Cable Beach ghost gum
- Conservation status: Priority One — Poorly Known Taxa (DEC)

Scientific classification
- Kingdom: Plantae
- Clade: Tracheophytes
- Clade: Angiosperms
- Clade: Eudicots
- Clade: Rosids
- Order: Myrtales
- Family: Myrtaceae
- Genus: Corymbia
- Species: C. paractia
- Binomial name: Corymbia paractia K.D.Hill & L.A.S.Johnson

= Corymbia paractia =

- Genus: Corymbia
- Species: paractia
- Authority: K.D.Hill & L.A.S.Johnson
- Conservation status: P1

Species of plant

Corymbia paractia, commonly known as Cable Beach ghost gum, is a species of low-growing tree that is endemic to the Kimberley region of Western Australia. It has smooth white to pale grey bark, sometimes with rough bark near the base of the trunk, lance-shaped adult leaves, flower buds in groups of three or seven, creamy white flowers and cup-shaped, barrel-shaped or cylindrical fruit.

==Description==
Corymbia paractia is a tree, often with several stems, that typically grows to a height of 4-6 m, sometimes to 12 m, and forms a lignotuber. It has smooth creamy white to pale grey bark that is shed in thin scales, sometimes with thin, rough, flaky brownish bark near the base of the trunk. Young plants and coppice regrowth have hairy, egg-shaped to elliptical leaves that are dull green, 50-110 mm long, 40-60 mm wide and petiolate. The crown of the tree has both intermediate and adult leaves. Adult leaves are the same shade of dull green on both sides, lance-shaped, 75-140 mm long and 14-55 mm wide on a petiole 4-12 mm long. The tree usually loses its leaves in the dry season. The flower buds are arranged in the leaf axils of leafless branchlets on a branched peduncle 1-8 mm long, each branch of the peduncle with three or seven buds on pedicels 5-15 mm long. Mature buds are pear-shaped, 5-7 mm long and 4-5 mm wide with a rounded operculum, sometimes with a small point in its centre. Flowering occurs between April and May or October and December and the flowers are creamy white. The fruit is a cup-shaped, barrel-shaped or cylindrical capsule 7-11 mm long and 6-9 mm wide with thin walls and the valves enclosed in the fruit.

==Taxonomy and naming==
Corymbia paractia was first formally in 1995 by Ken Hill and Lawrie Johnson. The specific epithet (paractia) is from the Greek paraktios meaning "on the seaside", referring to the habitat of this species.
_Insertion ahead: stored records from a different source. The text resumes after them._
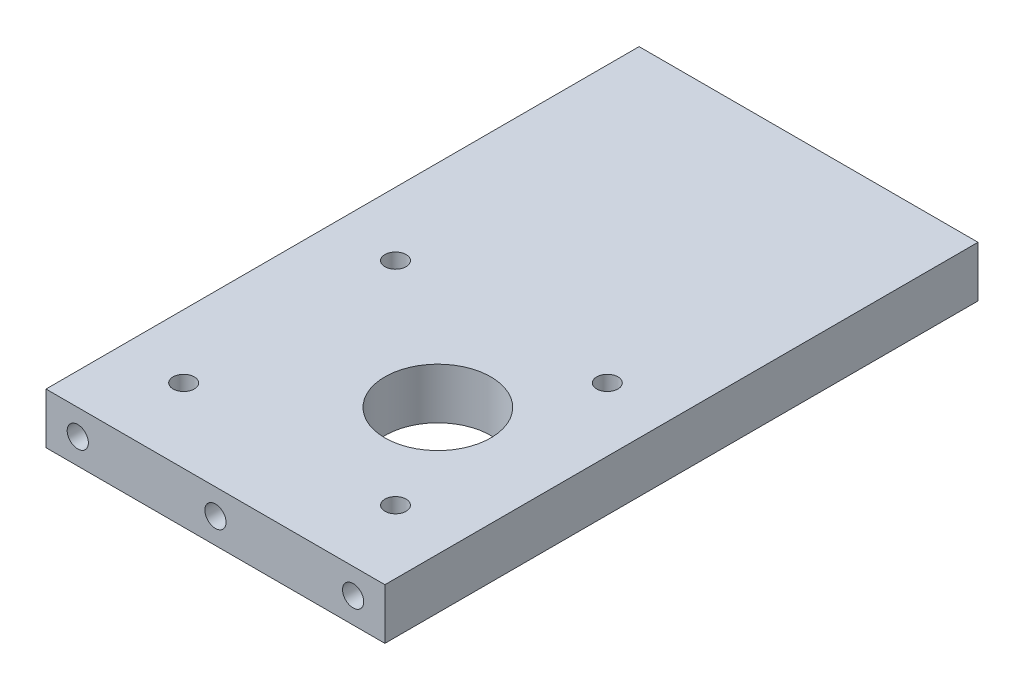
ISO-10303-21;
HEADER;
FILE_DESCRIPTION(('STEP AP214'),'2;1');
FILE_NAME('part.step','',(''),(''),'','','');
FILE_SCHEMA(('AUTOMOTIVE_DESIGN { 1 0 10303 214 1 1 1 1 }'));
ENDSEC;
DATA;
#1=APPLICATION_CONTEXT('core data for automotive mechanical design processes');
#2=APPLICATION_PROTOCOL_DEFINITION('international standard','automotive_design',2000,#1);
#3=PRODUCT_CONTEXT('',#1,'mechanical');
#4=PRODUCT('Part','Part','',(#3));
#5=PRODUCT_RELATED_PRODUCT_CATEGORY('part','',(#4));
#6=PRODUCT_DEFINITION_FORMATION('','',#4);
#7=PRODUCT_DEFINITION_CONTEXT('part definition',#1,'design');
#8=PRODUCT_DEFINITION('design','',#6,#7);
#9=PRODUCT_DEFINITION_SHAPE('','',#8);
#10=(LENGTH_UNIT() NAMED_UNIT(*) SI_UNIT(.MILLI.,.METRE.));
#11=(NAMED_UNIT(*) PLANE_ANGLE_UNIT() SI_UNIT($,.RADIAN.));
#12=(NAMED_UNIT(*) SI_UNIT($,.STERADIAN.) SOLID_ANGLE_UNIT());
#13=UNCERTAINTY_MEASURE_WITH_UNIT(LENGTH_MEASURE(1.E-05),#10,'distance_accuracy_value','');
#14=(GEOMETRIC_REPRESENTATION_CONTEXT(3) GLOBAL_UNCERTAINTY_ASSIGNED_CONTEXT((#13)) GLOBAL_UNIT_ASSIGNED_CONTEXT((#10,
#11,#12)) REPRESENTATION_CONTEXT('',''));
#15=CARTESIAN_POINT('',(0.,0.,0.));
#16=DIRECTION('',(0.,0.,1.));
#17=DIRECTION('',(1.,0.,0.));
#18=AXIS2_PLACEMENT_3D('',#15,#16,#17);
#19=CARTESIAN_POINT('',(0.,6.,0.));
#20=DIRECTION('',(0.,1.,0.));
#21=DIRECTION('',(0.,0.,1.));
#22=AXIS2_PLACEMENT_3D('',#19,#20,#21);
#23=PLANE('',#22);
#24=CARTESIAN_POINT('',(-25.,6.,-67.5));
#25=DIRECTION('',(0.,1.,0.));
#26=DIRECTION('',(0.,0.,1.));
#27=AXIS2_PLACEMENT_3D('',#24,#25,#26);
#28=CIRCLE('',#27,2.5);
#29=CARTESIAN_POINT('',(-25.,6.,-65.));
#30=VERTEX_POINT('',#29);
#31=EDGE_CURVE('E173',#30,#30,#28,.T.);
#32=ORIENTED_EDGE('',*,*,#31,.F.);
#33=EDGE_LOOP('',(#32));
#34=FACE_BOUND('',#33,.T.);
#35=CARTESIAN_POINT('',(25.,6.,-67.5));
#36=DIRECTION('',(0.,1.,0.));
#37=DIRECTION('',(0.,0.,1.));
#38=AXIS2_PLACEMENT_3D('',#35,#36,#37);
#39=CIRCLE('',#38,2.5);
#40=CARTESIAN_POINT('',(25.,6.,-65.));
#41=VERTEX_POINT('',#40);
#42=EDGE_CURVE('E179',#41,#41,#39,.T.);
#43=ORIENTED_EDGE('',*,*,#42,.F.);
#44=EDGE_LOOP('',(#43));
#45=FACE_BOUND('',#44,.T.);
#46=CARTESIAN_POINT('',(25.,6.,-17.5));
#47=DIRECTION('',(0.,1.,0.));
#48=DIRECTION('',(0.,0.,1.));
#49=AXIS2_PLACEMENT_3D('',#46,#47,#48);
#50=CIRCLE('',#49,2.5);
#51=CARTESIAN_POINT('',(25.,6.,-15.));
#52=VERTEX_POINT('',#51);
#53=EDGE_CURVE('E185',#52,#52,#50,.T.);
#54=ORIENTED_EDGE('',*,*,#53,.F.);
#55=EDGE_LOOP('',(#54));
#56=FACE_BOUND('',#55,.T.);
#57=CARTESIAN_POINT('',(-25.,6.,-17.5));
#58=DIRECTION('',(0.,1.,0.));
#59=DIRECTION('',(0.,0.,1.));
#60=AXIS2_PLACEMENT_3D('',#57,#58,#59);
#61=CIRCLE('',#60,2.5);
#62=CARTESIAN_POINT('',(-25.,6.,-15.));
#63=VERTEX_POINT('',#62);
#64=EDGE_CURVE('E191',#63,#63,#61,.T.);
#65=ORIENTED_EDGE('',*,*,#64,.F.);
#66=EDGE_LOOP('',(#65));
#67=FACE_BOUND('',#66,.T.);
#68=DIRECTION('',(0.,0.,1.));
#69=VECTOR('',#68,1.);
#70=CARTESIAN_POINT('',(-40.,6.,-140.));
#71=LINE('',#70,#69);
#72=CARTESIAN_POINT('',(-40.,6.,-140.));
#73=VERTEX_POINT('',#72);
#74=CARTESIAN_POINT('',(-40.,6.,0.));
#75=VERTEX_POINT('',#74);
#76=EDGE_CURVE('E204',#73,#75,#71,.T.);
#77=ORIENTED_EDGE('',*,*,#76,.T.);
#78=DIRECTION('',(1.,0.,0.));
#79=VECTOR('',#78,1.);
#80=CARTESIAN_POINT('',(-40.,6.,0.));
#81=LINE('',#80,#79);
#82=CARTESIAN_POINT('',(40.,6.,0.));
#83=VERTEX_POINT('',#82);
#84=EDGE_CURVE('E91',#75,#83,#81,.T.);
#85=ORIENTED_EDGE('',*,*,#84,.T.);
#86=DIRECTION('',(0.,0.,-1.));
#87=VECTOR('',#86,1.);
#88=CARTESIAN_POINT('',(40.,6.,-140.));
#89=LINE('',#88,#87);
#90=CARTESIAN_POINT('',(40.,6.,-140.));
#91=VERTEX_POINT('',#90);
#92=EDGE_CURVE('E207',#83,#91,#89,.T.);
#93=ORIENTED_EDGE('',*,*,#92,.T.);
#94=DIRECTION('',(-1.,0.,0.));
#95=VECTOR('',#94,1.);
#96=CARTESIAN_POINT('',(-40.,6.,-140.));
#97=LINE('',#96,#95);
#98=EDGE_CURVE('E60',#91,#73,#97,.T.);
#99=ORIENTED_EDGE('',*,*,#98,.T.);
#100=EDGE_LOOP('',(#77,#85,#93,#99));
#101=FACE_BOUND('',#100,.T.);
#102=CARTESIAN_POINT('',(10.,6.,-42.5));
#103=DIRECTION('',(0.,1.,0.));
#104=DIRECTION('',(0.,0.,1.));
#105=AXIS2_PLACEMENT_3D('',#102,#103,#104);
#106=CIRCLE('',#105,12.5);
#107=CARTESIAN_POINT('',(10.,6.,-30.));
#108=VERTEX_POINT('',#107);
#109=EDGE_CURVE('E198',#108,#108,#106,.T.);
#110=ORIENTED_EDGE('',*,*,#109,.F.);
#111=EDGE_LOOP('',(#110));
#112=FACE_BOUND('',#111,.T.);
#113=ADVANCED_FACE('F43',(#34,#45,#56,#67,#101,#112),#23,.T.);
#114=CARTESIAN_POINT('',(0.,-6.,0.));
#115=DIRECTION('',(0.,1.,0.));
#116=DIRECTION('',(0.,0.,1.));
#117=AXIS2_PLACEMENT_3D('',#114,#115,#116);
#118=PLANE('',#117);
#119=CARTESIAN_POINT('',(-25.,-6.,-67.5));
#120=DIRECTION('',(0.,1.,0.));
#121=DIRECTION('',(0.,0.,1.));
#122=AXIS2_PLACEMENT_3D('',#119,#120,#121);
#123=CIRCLE('',#122,2.5);
#124=CARTESIAN_POINT('',(-25.,-6.,-65.));
#125=VERTEX_POINT('',#124);
#126=EDGE_CURVE('E176',#125,#125,#123,.T.);
#127=ORIENTED_EDGE('',*,*,#126,.T.);
#128=EDGE_LOOP('',(#127));
#129=FACE_BOUND('',#128,.T.);
#130=CARTESIAN_POINT('',(25.,-6.,-67.5));
#131=DIRECTION('',(0.,1.,0.));
#132=DIRECTION('',(0.,0.,1.));
#133=AXIS2_PLACEMENT_3D('',#130,#131,#132);
#134=CIRCLE('',#133,2.5);
#135=CARTESIAN_POINT('',(25.,-6.,-65.));
#136=VERTEX_POINT('',#135);
#137=EDGE_CURVE('E182',#136,#136,#134,.T.);
#138=ORIENTED_EDGE('',*,*,#137,.T.);
#139=EDGE_LOOP('',(#138));
#140=FACE_BOUND('',#139,.T.);
#141=CARTESIAN_POINT('',(25.,-6.,-17.5));
#142=DIRECTION('',(0.,1.,0.));
#143=DIRECTION('',(0.,0.,1.));
#144=AXIS2_PLACEMENT_3D('',#141,#142,#143);
#145=CIRCLE('',#144,2.5);
#146=CARTESIAN_POINT('',(25.,-6.,-15.));
#147=VERTEX_POINT('',#146);
#148=EDGE_CURVE('E188',#147,#147,#145,.T.);
#149=ORIENTED_EDGE('',*,*,#148,.T.);
#150=EDGE_LOOP('',(#149));
#151=FACE_BOUND('',#150,.T.);
#152=CARTESIAN_POINT('',(-25.,-6.,-17.5));
#153=DIRECTION('',(0.,1.,0.));
#154=DIRECTION('',(0.,0.,1.));
#155=AXIS2_PLACEMENT_3D('',#152,#153,#154);
#156=CIRCLE('',#155,2.5);
#157=CARTESIAN_POINT('',(-25.,-6.,-15.));
#158=VERTEX_POINT('',#157);
#159=EDGE_CURVE('E194',#158,#158,#156,.T.);
#160=ORIENTED_EDGE('',*,*,#159,.T.);
#161=EDGE_LOOP('',(#160));
#162=FACE_BOUND('',#161,.T.);
#163=DIRECTION('',(0.,0.,1.));
#164=VECTOR('',#163,1.);
#165=CARTESIAN_POINT('',(-40.,-6.,-140.));
#166=LINE('',#165,#164);
#167=CARTESIAN_POINT('',(-40.,-6.,-140.));
#168=VERTEX_POINT('',#167);
#169=CARTESIAN_POINT('',(-40.,-6.,0.));
#170=VERTEX_POINT('',#169);
#171=EDGE_CURVE('E201',#168,#170,#166,.T.);
#172=ORIENTED_EDGE('',*,*,#171,.F.);
#173=DIRECTION('',(-1.,0.,0.));
#174=VECTOR('',#173,1.);
#175=CARTESIAN_POINT('',(-40.,-6.,-140.));
#176=LINE('',#175,#174);
#177=CARTESIAN_POINT('',(40.,-6.,-140.));
#178=VERTEX_POINT('',#177);
#179=EDGE_CURVE('E84',#178,#168,#176,.T.);
#180=ORIENTED_EDGE('',*,*,#179,.F.);
#181=DIRECTION('',(0.,0.,-1.));
#182=VECTOR('',#181,1.);
#183=CARTESIAN_POINT('',(40.,-6.,-140.));
#184=LINE('',#183,#182);
#185=CARTESIAN_POINT('',(40.,-6.,0.));
#186=VERTEX_POINT('',#185);
#187=EDGE_CURVE('E78',#186,#178,#184,.T.);
#188=ORIENTED_EDGE('',*,*,#187,.F.);
#189=DIRECTION('',(1.,0.,0.));
#190=VECTOR('',#189,1.);
#191=CARTESIAN_POINT('',(-40.,-6.,0.));
#192=LINE('',#191,#190);
#193=EDGE_CURVE('E213',#170,#186,#192,.T.);
#194=ORIENTED_EDGE('',*,*,#193,.F.);
#195=EDGE_LOOP('',(#172,#180,#188,#194));
#196=FACE_BOUND('',#195,.T.);
#197=CARTESIAN_POINT('',(10.,-6.,-42.5));
#198=DIRECTION('',(0.,1.,0.));
#199=DIRECTION('',(0.,0.,1.));
#200=AXIS2_PLACEMENT_3D('',#197,#198,#199);
#201=CIRCLE('',#200,12.5);
#202=CARTESIAN_POINT('',(10.,-6.,-30.));
#203=VERTEX_POINT('',#202);
#204=EDGE_CURVE('E197',#203,#203,#201,.T.);
#205=ORIENTED_EDGE('',*,*,#204,.T.);
#206=EDGE_LOOP('',(#205));
#207=FACE_BOUND('',#206,.T.);
#208=ADVANCED_FACE('F223',(#129,#140,#151,#162,#196,#207),#118,.F.);
#209=CARTESIAN_POINT('',(-40.,6.,-140.));
#210=DIRECTION('',(1.,0.,0.));
#211=DIRECTION('',(0.,0.,-1.));
#212=AXIS2_PLACEMENT_3D('',#209,#210,#211);
#213=PLANE('',#212);
#214=CARTESIAN_POINT('',(-40.,0.,-113.));
#215=DIRECTION('',(-1.,0.,0.));
#216=DIRECTION('',(0.,0.,1.));
#217=AXIS2_PLACEMENT_3D('',#214,#215,#216);
#218=CIRCLE('',#217,3.49999999999999);
#219=CARTESIAN_POINT('',(-40.,0.,-109.5));
#220=VERTEX_POINT('',#219);
#221=EDGE_CURVE('E127',#220,#220,#218,.T.);
#222=ORIENTED_EDGE('',*,*,#221,.F.);
#223=EDGE_LOOP('',(#222));
#224=FACE_BOUND('',#223,.T.);
#225=CARTESIAN_POINT('',(-40.,0.,-86.));
#226=DIRECTION('',(-1.,0.,0.));
#227=DIRECTION('',(0.,0.,1.));
#228=AXIS2_PLACEMENT_3D('',#225,#226,#227);
#229=CIRCLE('',#228,3.49999999999999);
#230=CARTESIAN_POINT('',(-40.,0.,-82.5));
#231=VERTEX_POINT('',#230);
#232=EDGE_CURVE('E126',#231,#231,#229,.T.);
#233=ORIENTED_EDGE('',*,*,#232,.F.);
#234=EDGE_LOOP('',(#233));
#235=FACE_BOUND('',#234,.T.);
#236=ORIENTED_EDGE('',*,*,#171,.T.);
#237=DIRECTION('',(0.,-1.,0.));
#238=VECTOR('',#237,1.);
#239=CARTESIAN_POINT('',(-40.,6.,0.));
#240=LINE('',#239,#238);
#241=EDGE_CURVE('E11',#75,#170,#240,.T.);
#242=ORIENTED_EDGE('',*,*,#241,.F.);
#243=ORIENTED_EDGE('',*,*,#76,.F.);
#244=DIRECTION('',(0.,-1.,0.));
#245=VECTOR('',#244,1.);
#246=CARTESIAN_POINT('',(-40.,6.,-140.));
#247=LINE('',#246,#245);
#248=EDGE_CURVE('E210',#73,#168,#247,.T.);
#249=ORIENTED_EDGE('',*,*,#248,.T.);
#250=EDGE_LOOP('',(#236,#242,#243,#249));
#251=FACE_BOUND('',#250,.T.);
#252=ADVANCED_FACE('F45',(#224,#235,#251),#213,.F.);
#253=CARTESIAN_POINT('',(-40.,6.,0.));
#254=DIRECTION('',(0.,0.,-1.));
#255=DIRECTION('',(-1.,0.,0.));
#256=AXIS2_PLACEMENT_3D('',#253,#254,#255);
#257=PLANE('',#256);
#258=CARTESIAN_POINT('',(32.5,0.,0.));
#259=DIRECTION('',(0.,0.,1.));
#260=DIRECTION('',(1.,0.,0.));
#261=AXIS2_PLACEMENT_3D('',#258,#259,#260);
#262=CIRCLE('',#261,2.49999999999999);
#263=CARTESIAN_POINT('',(35.,0.,0.));
#264=VERTEX_POINT('',#263);
#265=EDGE_CURVE('E155',#264,#264,#262,.T.);
#266=ORIENTED_EDGE('',*,*,#265,.F.);
#267=EDGE_LOOP('',(#266));
#268=FACE_BOUND('',#267,.T.);
#269=CARTESIAN_POINT('',(0.,0.,0.));
#270=DIRECTION('',(0.,0.,1.));
#271=DIRECTION('',(1.,0.,0.));
#272=AXIS2_PLACEMENT_3D('',#269,#270,#271);
#273=CIRCLE('',#272,2.49999999999999);
#274=CARTESIAN_POINT('',(2.49999999999999,0.,0.));
#275=VERTEX_POINT('',#274);
#276=EDGE_CURVE('E161',#275,#275,#273,.T.);
#277=ORIENTED_EDGE('',*,*,#276,.F.);
#278=EDGE_LOOP('',(#277));
#279=FACE_BOUND('',#278,.T.);
#280=CARTESIAN_POINT('',(-32.5,0.,0.));
#281=DIRECTION('',(0.,0.,1.));
#282=DIRECTION('',(1.,0.,0.));
#283=AXIS2_PLACEMENT_3D('',#280,#281,#282);
#284=CIRCLE('',#283,2.49999999999999);
#285=CARTESIAN_POINT('',(-30.,0.,0.));
#286=VERTEX_POINT('',#285);
#287=EDGE_CURVE('E167',#286,#286,#284,.T.);
#288=ORIENTED_EDGE('',*,*,#287,.F.);
#289=EDGE_LOOP('',(#288));
#290=FACE_BOUND('',#289,.T.);
#291=ORIENTED_EDGE('',*,*,#193,.T.);
#292=DIRECTION('',(0.,-1.,0.));
#293=VECTOR('',#292,1.);
#294=CARTESIAN_POINT('',(40.,6.,0.));
#295=LINE('',#294,#293);
#296=EDGE_CURVE('E52',#83,#186,#295,.T.);
#297=ORIENTED_EDGE('',*,*,#296,.F.);
#298=ORIENTED_EDGE('',*,*,#84,.F.);
#299=ORIENTED_EDGE('',*,*,#241,.T.);
#300=EDGE_LOOP('',(#291,#297,#298,#299));
#301=FACE_BOUND('',#300,.T.);
#302=ADVANCED_FACE('F240',(#268,#279,#290,#301),#257,.F.);
#303=CARTESIAN_POINT('',(40.,6.,-140.));
#304=DIRECTION('',(-1.,0.,0.));
#305=DIRECTION('',(0.,0.,1.));
#306=AXIS2_PLACEMENT_3D('',#303,#304,#305);
#307=PLANE('',#306);
#308=ORIENTED_EDGE('',*,*,#187,.T.);
#309=DIRECTION('',(0.,-1.,0.));
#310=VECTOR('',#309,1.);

==Distribution and habitat==
Cable Beach ghost gum is confined to a small area on the Kimberley coast, near Broome, where it grows in skeletal soils in the area between the coastal beach sand dunes and the red pindan soils.

==Conservation status==
This eucalypt is classified as "Priority One" by the Government of Western Australia Department of Parks and Wildlife, meaning that it is known from only one or a few locations which are potentially at risk.